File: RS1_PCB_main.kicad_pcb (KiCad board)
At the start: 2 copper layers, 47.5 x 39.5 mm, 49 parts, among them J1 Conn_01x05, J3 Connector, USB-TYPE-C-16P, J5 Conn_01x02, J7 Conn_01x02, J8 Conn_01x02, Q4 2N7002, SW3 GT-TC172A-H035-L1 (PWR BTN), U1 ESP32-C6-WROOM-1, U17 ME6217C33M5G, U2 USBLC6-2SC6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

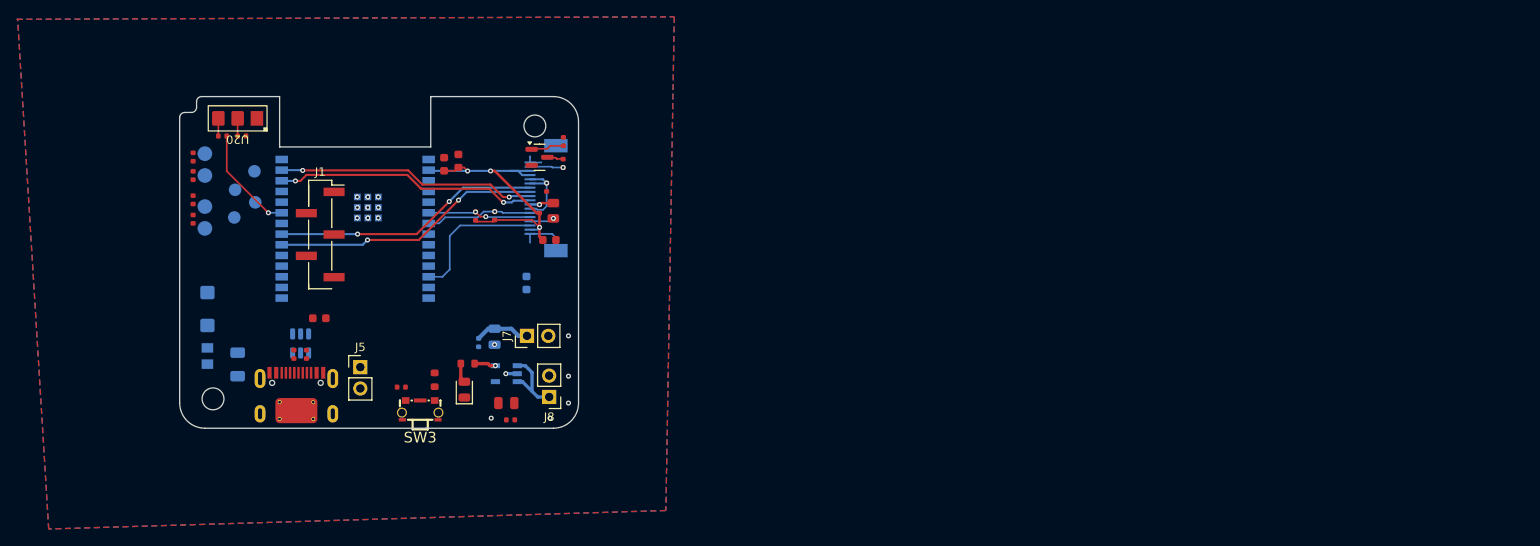
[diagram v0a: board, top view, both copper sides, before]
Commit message: changed layout
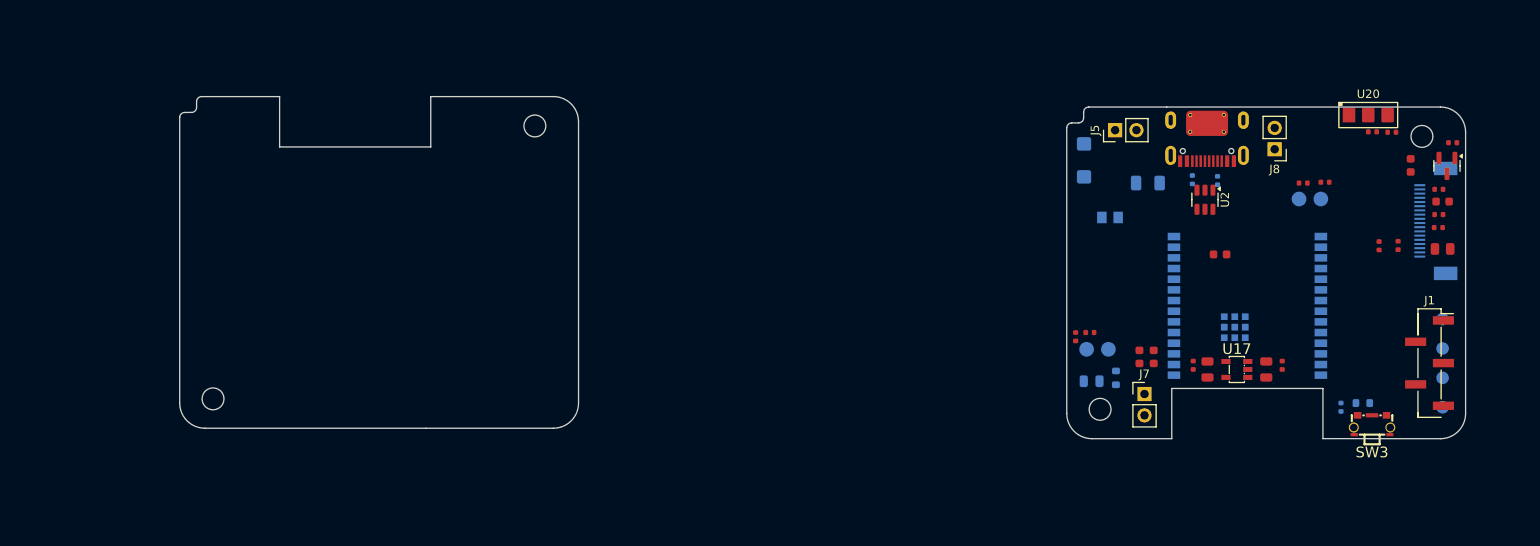
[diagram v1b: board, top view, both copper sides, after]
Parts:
- C15, C25, C5, U17, U2: moved to F.Cu
- C6, D3, R1, R2, R21, R5: moved to B.Cu
- moved TP3 145.5 mm to (191.5, 74.0)
- moved TP6 144.7 mm to (191.5, 70.5)
- moved TP4 143.5 mm to (191.5, 77.5)
- moved TP5 142.6 mm to (191.5, 67.0)
- moved R12 139.3 mm to (185.4, 44.8)
- moved R9 134.8 mm to (177.5, 50.7), turned to 180 degrees
- moved R29 134.7 mm to (183.2, 44.7)
- moved U20 134.7 mm to (182.7, 42.7), turned to 0 degrees
- moved J1 133.0 mm to (189.9, 72.2)
- moved C3 132.3 mm to (174.9, 50.8), turned to 180 degrees
- moved U7 131.6 mm to (175.7, 52.7), turned to 180 degrees
- moved SW3 113.4 mm to (183.1, 79.6)
- moved J3 112.6 mm to (163.4, 45.7), turned to 180 degrees
- moved C6 111.9 mm to (179.4, 77.5), turned to -90 degrees
- moved R1 111.9 mm to (164.7, 50.5)
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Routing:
- net +3.3V: track 47.7 -> 0.51 mm, vias 4 -> 0
- net /LCD_CS: track 32.2 -> 0.00 mm, vias 2 -> 0
- net /LCD_DC: track 31.9 -> 0.00 mm, vias 2 -> 0
- net /LCD_MOSI: track 31.2 -> 0.00 mm, vias 2 -> 0
- net /LCD_SCLK: track 31.0 -> 0.00 mm, vias 2 -> 0
- net GND: track 18.4 -> 0.00 mm, vias 17 -> 0
- net /TP_INT: track 17.0 -> 0.00 mm
- net /Enc_B: track 12.8 -> 0.00 mm, vias 1 -> 0
- net /SCL: track 12.7 -> 0.00 mm, vias 1 -> 0
- net /SDA: track 12.4 -> 0.01 mm, vias 2 -> 0
- net /VSYS: track 8.89 -> 0.00 mm
- net /LED_K: track 3.98 -> 0.00 mm, vias 1 -> 0
- net /LCD_BL: track 3.96 -> 0.00 mm
- net /LCD_RST: track 3.12 -> 0.00 mm, vias 1 -> 0
- net /TP_RST: track 2.92 -> 0.00 mm, vias 1 -> 0
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- removed copper zone on B.Cu, net GND
- removed copper zone on F.Cu, net GND
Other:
- board size 47.5 x 39.5 mm -> 153.1 x 40.7 mm

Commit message: changed layout (position ldo, pins...)
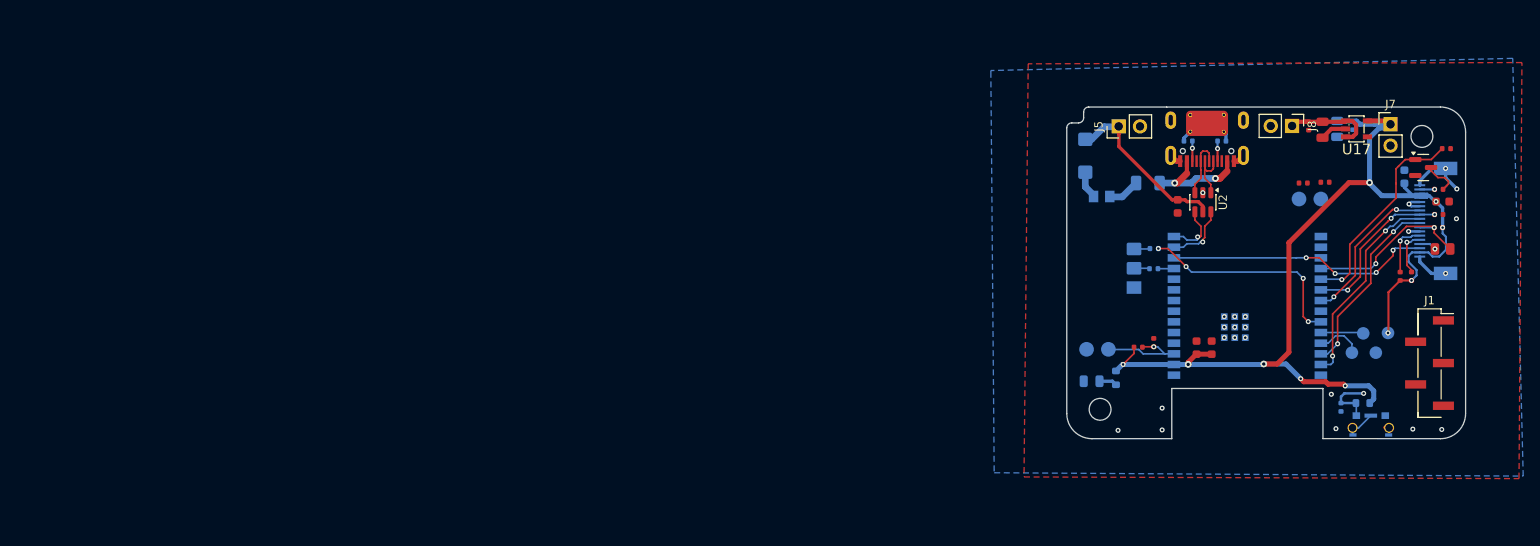
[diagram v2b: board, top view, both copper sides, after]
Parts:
- C15, C25, C5, R12, R29, SW3, U20: moved to B.Cu
- moved J7 43.5 mm to (185.3, 43.8)
- moved C25 34.3 mm to (180.8, 44.0)
- moved U20 33.3 mm to (154.8, 61.0), turned to 90 degrees
- moved C5 32.6 mm to (178.9, 44.4)
- moved U17 32.0 mm to (181.2, 44.4), turned to 180 degrees
- moved R12 31.5 mm to (157.2, 58.6)
- moved R29 30.7 mm to (157.1, 61.0)
- moved C2 29.3 mm to (177.2, 44.5)
- moved C23 28.7 mm to (175.6, 44.0)
- moved TP4 12.9 mm to (182.1, 68.7)
- moved TP3 11.2 mm to (180.7, 71.0)
- moved TP5 8.90 mm to (183.6, 71.0)
- moved C4 7.69 mm to (157.1, 69.8), turned to 90 degrees
- moved C1 7.63 mm to (159.9, 53.6), turned to -90 degrees
- moved R13 7.55 mm to (155.2, 70.3), turned to 0 degrees
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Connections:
- U2 pad 1: /D+ -> /D-
- U2 pad 3: /D- -> /D+
- U2 pad 4: /USB_N -> /USB_P
- U2 pad 6: /USB_P -> /USB_N
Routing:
- net +3.3V: track 0.51 -> 124.0 mm, vias 0 -> 10
- net /TP_INT: track 0.00 -> 31.7 mm, vias 0 -> 4
- net /Enc_B: track 0.00 -> 25.6 mm, vias 0 -> 4
- net /LCD_BL: track 0.00 -> 25.0 mm, vias 0 -> 1
- net /LCD_SCLK: track 0.00 -> 24.5 mm, vias 0 -> 2
- net GND: track 0.00 -> 24.2 mm, vias 0 -> 23
- net /LCD_MOSI: track 0.00 -> 22.2 mm, vias 0 -> 2
- net /LCD_RST: track 0.00 -> 21.2 mm, vias 0 -> 2
- net +5V: track 0.00 -> 20.6 mm
- net /LCD_CS: track 0.00 -> 19.3 mm, vias 0 -> 3
- net /LCD_DC: track 0.00 -> 18.3 mm, vias 0 -> 2
- net Net-(F1-Pad1): track 0.00 -> 13.2 mm, vias 0 -> 2
- net /EN: track 0.00 -> 11.0 mm, vias 0 -> 1
- net /VSYS: track 0.00 -> 11.0 mm
- net /D-: track 0.00 -> 8.03 mm
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- added copper zone on B.Cu, net GND
- added copper zone on F.Cu, net GND
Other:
- board size 153.1 x 40.7 mm -> 47.5 x 39.5 mm

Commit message: all connected
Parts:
- C3, R9: moved to B.Cu
- moved J1 25.3 mm to (168.2, 59.4)
- moved TP3 11.5 mm to (191.8, 74.0)
- moved TP5 10.2 mm to (191.8, 65.0)
- moved TP4 9.97 mm to (191.8, 71.0)
- moved TP6 6.78 mm to (191.8, 68.0)
- moved C25 4.14 mm to (176.7, 43.8)
- moved R9 3.26 mm to (175.1, 48.5)
- moved C3 3.05 mm to (172.9, 48.5)
- moved U7 2.97 mm to (173.7, 50.5)
- moved C23 2.69 mm to (174.6, 46.5), turned to 180 degrees
- moved R23 0.50 mm to (191.6, 54.5)
- moved C6 0.43 mm to (179.7, 77.2)
- moved SW3 0.41 mm to (182.9, 79.2)
- moved R2 0.34 mm to (182.0, 76.7)
- moved J8 0.33 mm to (173.2, 44.0)
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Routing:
- net /SDA: track 5.43 -> 43.9 mm, vias 1 -> 3
- net /SCL: track 6.38 -> 44.7 mm, vias 1 -> 3
- net /PWR-KEY: track 7.03 -> 31.5 mm, vias 1 -> 2
- net +3.3V: track 124.0 -> 140.7 mm
- net /BOOT: track 0.00 -> 14.5 mm, vias 0 -> 2
- net /INT_B: track 0.00 -> 13.6 mm, vias 0 -> 1
- net Net-(U1-U0TXD/GPIO16): track 5.51 -> 17.2 mm
- net /PWM_LED: track 0.00 -> 11.3 mm, vias 0 -> 1
- net Net-(U1-U0RXD/GPIO17): track 5.09 -> 15.7 mm
- net /SERVO_PWM: track 0.00 -> 7.69 mm, vias 0 -> 1
- net GND: track 24.2 -> 29.8 mm, vias 23 -> 25
- net /VSYS: track 11.0 -> 14.6 mm
- net unconnected-(SW3-Pad4): track 0.72 -> 1.60 mm
- net /LCD_CS: track 19.3 -> 19.8 mm
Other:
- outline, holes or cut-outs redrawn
○ ○ ○ ○ ○ ○ ○
Every entry, word for word, should be given again; the pictures are not part of the copy.

File: RS1_PCB_main.kicad_pcb (KiCad board)
At the start: 2 copper layers, 47.5 x 39.5 mm, 49 parts, among them J1 Conn_01x05, J3 Connector, USB-TYPE-C-16P, J5 Conn_01x02, J7 Conn_01x02, J8 Conn_01x02, Q4 2N7002, SW3 GT-TC172A-H035-L1 (PWR BTN), U1 ESP32-C6-WROOM-1, U17 ME6217C33M5G, U2 USBLC6-2SC6

[diagram v0a: board, top view, both copper sides, before]
Commit message: changed layout
[diagram v1b: board, top view, both copper sides, after]
Parts:
- C15, C25, C5, U17, U2: moved to F.Cu
- C6, D3, R1, R2, R21, R5: moved to B.Cu
- moved TP3 145.5 mm to (191.5, 74.0)
- moved TP6 144.7 mm to (191.5, 70.5)
- moved TP4 143.5 mm to (191.5, 77.5)
- moved TP5 142.6 mm to (191.5, 67.0)
- moved R12 139.3 mm to (185.4, 44.8)
- moved R9 134.8 mm to (177.5, 50.7), turned to 180 degrees
- moved R29 134.7 mm to (183.2, 44.7)
- moved U20 134.7 mm to (182.7, 42.7), turned to 0 degrees
- moved J1 133.0 mm to (189.9, 72.2)
- moved C3 132.3 mm to (174.9, 50.8), turned to 180 degrees
- moved U7 131.6 mm to (175.7, 52.7), turned to 180 degrees
- moved SW3 113.4 mm to (183.1, 79.6)
- moved J3 112.6 mm to (163.4, 45.7), turned to 180 degrees
- moved C6 111.9 mm to (179.4, 77.5), turned to -90 degrees
- moved R1 111.9 mm to (164.7, 50.5)
Routing:
- net +3.3V: track 47.7 -> 0.51 mm, vias 4 -> 0
- net /LCD_CS: track 32.2 -> 0.00 mm, vias 2 -> 0
- net /LCD_DC: track 31.9 -> 0.00 mm, vias 2 -> 0
- net /LCD_MOSI: track 31.2 -> 0.00 mm, vias 2 -> 0
- net /LCD_SCLK: track 31.0 -> 0.00 mm, vias 2 -> 0
- net GND: track 18.4 -> 0.00 mm, vias 17 -> 0
- net /TP_INT: track 17.0 -> 0.00 mm
- net /Enc_B: track 12.8 -> 0.00 mm, vias 1 -> 0
- net /SCL: track 12.7 -> 0.00 mm, vias 1 -> 0
- net /SDA: track 12.4 -> 0.01 mm, vias 2 -> 0
- net /VSYS: track 8.89 -> 0.00 mm
- net /LED_K: track 3.98 -> 0.00 mm, vias 1 -> 0
- net /LCD_BL: track 3.96 -> 0.00 mm
- net /LCD_RST: track 3.12 -> 0.00 mm, vias 1 -> 0
- net /TP_RST: track 2.92 -> 0.00 mm, vias 1 -> 0
- removed copper zone on B.Cu, net GND
- removed copper zone on F.Cu, net GND
Other:
- board size 47.5 x 39.5 mm -> 153.1 x 40.7 mm

Commit message: changed layout (position ldo, pins...)
[diagram v2b: board, top view, both copper sides, after]
Parts:
- C15, C25, C5, R12, R29, SW3, U20: moved to B.Cu
- moved J7 43.5 mm to (185.3, 43.8)
- moved C25 34.3 mm to (180.8, 44.0)
- moved U20 33.3 mm to (154.8, 61.0), turned to 90 degrees
- moved C5 32.6 mm to (178.9, 44.4)
- moved U17 32.0 mm to (181.2, 44.4), turned to 180 degrees
- moved R12 31.5 mm to (157.2, 58.6)
- moved R29 30.7 mm to (157.1, 61.0)
- moved C2 29.3 mm to (177.2, 44.5)
- moved C23 28.7 mm to (175.6, 44.0)
- moved TP4 12.9 mm to (182.1, 68.7)
- moved TP3 11.2 mm to (180.7, 71.0)
- moved TP5 8.90 mm to (183.6, 71.0)
- moved C4 7.69 mm to (157.1, 69.8), turned to 90 degrees
- moved C1 7.63 mm to (159.9, 53.6), turned to -90 degrees
- moved R13 7.55 mm to (155.2, 70.3), turned to 0 degrees
Connections:
- U2 pad 1: /D+ -> /D-
- U2 pad 3: /D- -> /D+
- U2 pad 4: /USB_N -> /USB_P
- U2 pad 6: /USB_P -> /USB_N
Routing:
- net +3.3V: track 0.51 -> 124.0 mm, vias 0 -> 10
- net /TP_INT: track 0.00 -> 31.7 mm, vias 0 -> 4
- net /Enc_B: track 0.00 -> 25.6 mm, vias 0 -> 4
- net /LCD_BL: track 0.00 -> 25.0 mm, vias 0 -> 1
- net /LCD_SCLK: track 0.00 -> 24.5 mm, vias 0 -> 2
- net GND: track 0.00 -> 24.2 mm, vias 0 -> 23
- net /LCD_MOSI: track 0.00 -> 22.2 mm, vias 0 -> 2
- net /LCD_RST: track 0.00 -> 21.2 mm, vias 0 -> 2
- net +5V: track 0.00 -> 20.6 mm
- net /LCD_CS: track 0.00 -> 19.3 mm, vias 0 -> 3
- net /LCD_DC: track 0.00 -> 18.3 mm, vias 0 -> 2
- net Net-(F1-Pad1): track 0.00 -> 13.2 mm, vias 0 -> 2
- net /EN: track 0.00 -> 11.0 mm, vias 0 -> 1
- net /VSYS: track 0.00 -> 11.0 mm
- net /D-: track 0.00 -> 8.03 mm
- added copper zone on B.Cu, net GND
- added copper zone on F.Cu, net GND
Other:
- board size 153.1 x 40.7 mm -> 47.5 x 39.5 mm

Commit message: all connected
Parts:
- C3, R9: moved to B.Cu
- moved J1 25.3 mm to (168.2, 59.4)
- moved TP3 11.5 mm to (191.8, 74.0)
- moved TP5 10.2 mm to (191.8, 65.0)
- moved TP4 9.97 mm to (191.8, 71.0)
- moved TP6 6.78 mm to (191.8, 68.0)
- moved C25 4.14 mm to (176.7, 43.8)
- moved R9 3.26 mm to (175.1, 48.5)
- moved C3 3.05 mm to (172.9, 48.5)
- moved U7 2.97 mm to (173.7, 50.5)
- moved C23 2.69 mm to (174.6, 46.5), turned to 180 degrees
- moved R23 0.50 mm to (191.6, 54.5)
- moved C6 0.43 mm to (179.7, 77.2)
- moved SW3 0.41 mm to (182.9, 79.2)
- moved R2 0.34 mm to (182.0, 76.7)
- moved J8 0.33 mm to (173.2, 44.0)
Routing:
- net /SDA: track 5.43 -> 43.9 mm, vias 1 -> 3
- net /SCL: track 6.38 -> 44.7 mm, vias 1 -> 3
- net /PWR-KEY: track 7.03 -> 31.5 mm, vias 1 -> 2
- net +3.3V: track 124.0 -> 140.7 mm
- net /BOOT: track 0.00 -> 14.5 mm, vias 0 -> 2
- net /INT_B: track 0.00 -> 13.6 mm, vias 0 -> 1
- net Net-(U1-U0TXD/GPIO16): track 5.51 -> 17.2 mm
- net /PWM_LED: track 0.00 -> 11.3 mm, vias 0 -> 1
- net Net-(U1-U0RXD/GPIO17): track 5.09 -> 15.7 mm
- net /SERVO_PWM: track 0.00 -> 7.69 mm, vias 0 -> 1
- net GND: track 24.2 -> 29.8 mm, vias 23 -> 25
- net /VSYS: track 11.0 -> 14.6 mm
- net unconnected-(SW3-Pad4): track 0.72 -> 1.60 mm
- net /LCD_CS: track 19.3 -> 19.8 mm
Other:
- outline, holes or cut-outs redrawn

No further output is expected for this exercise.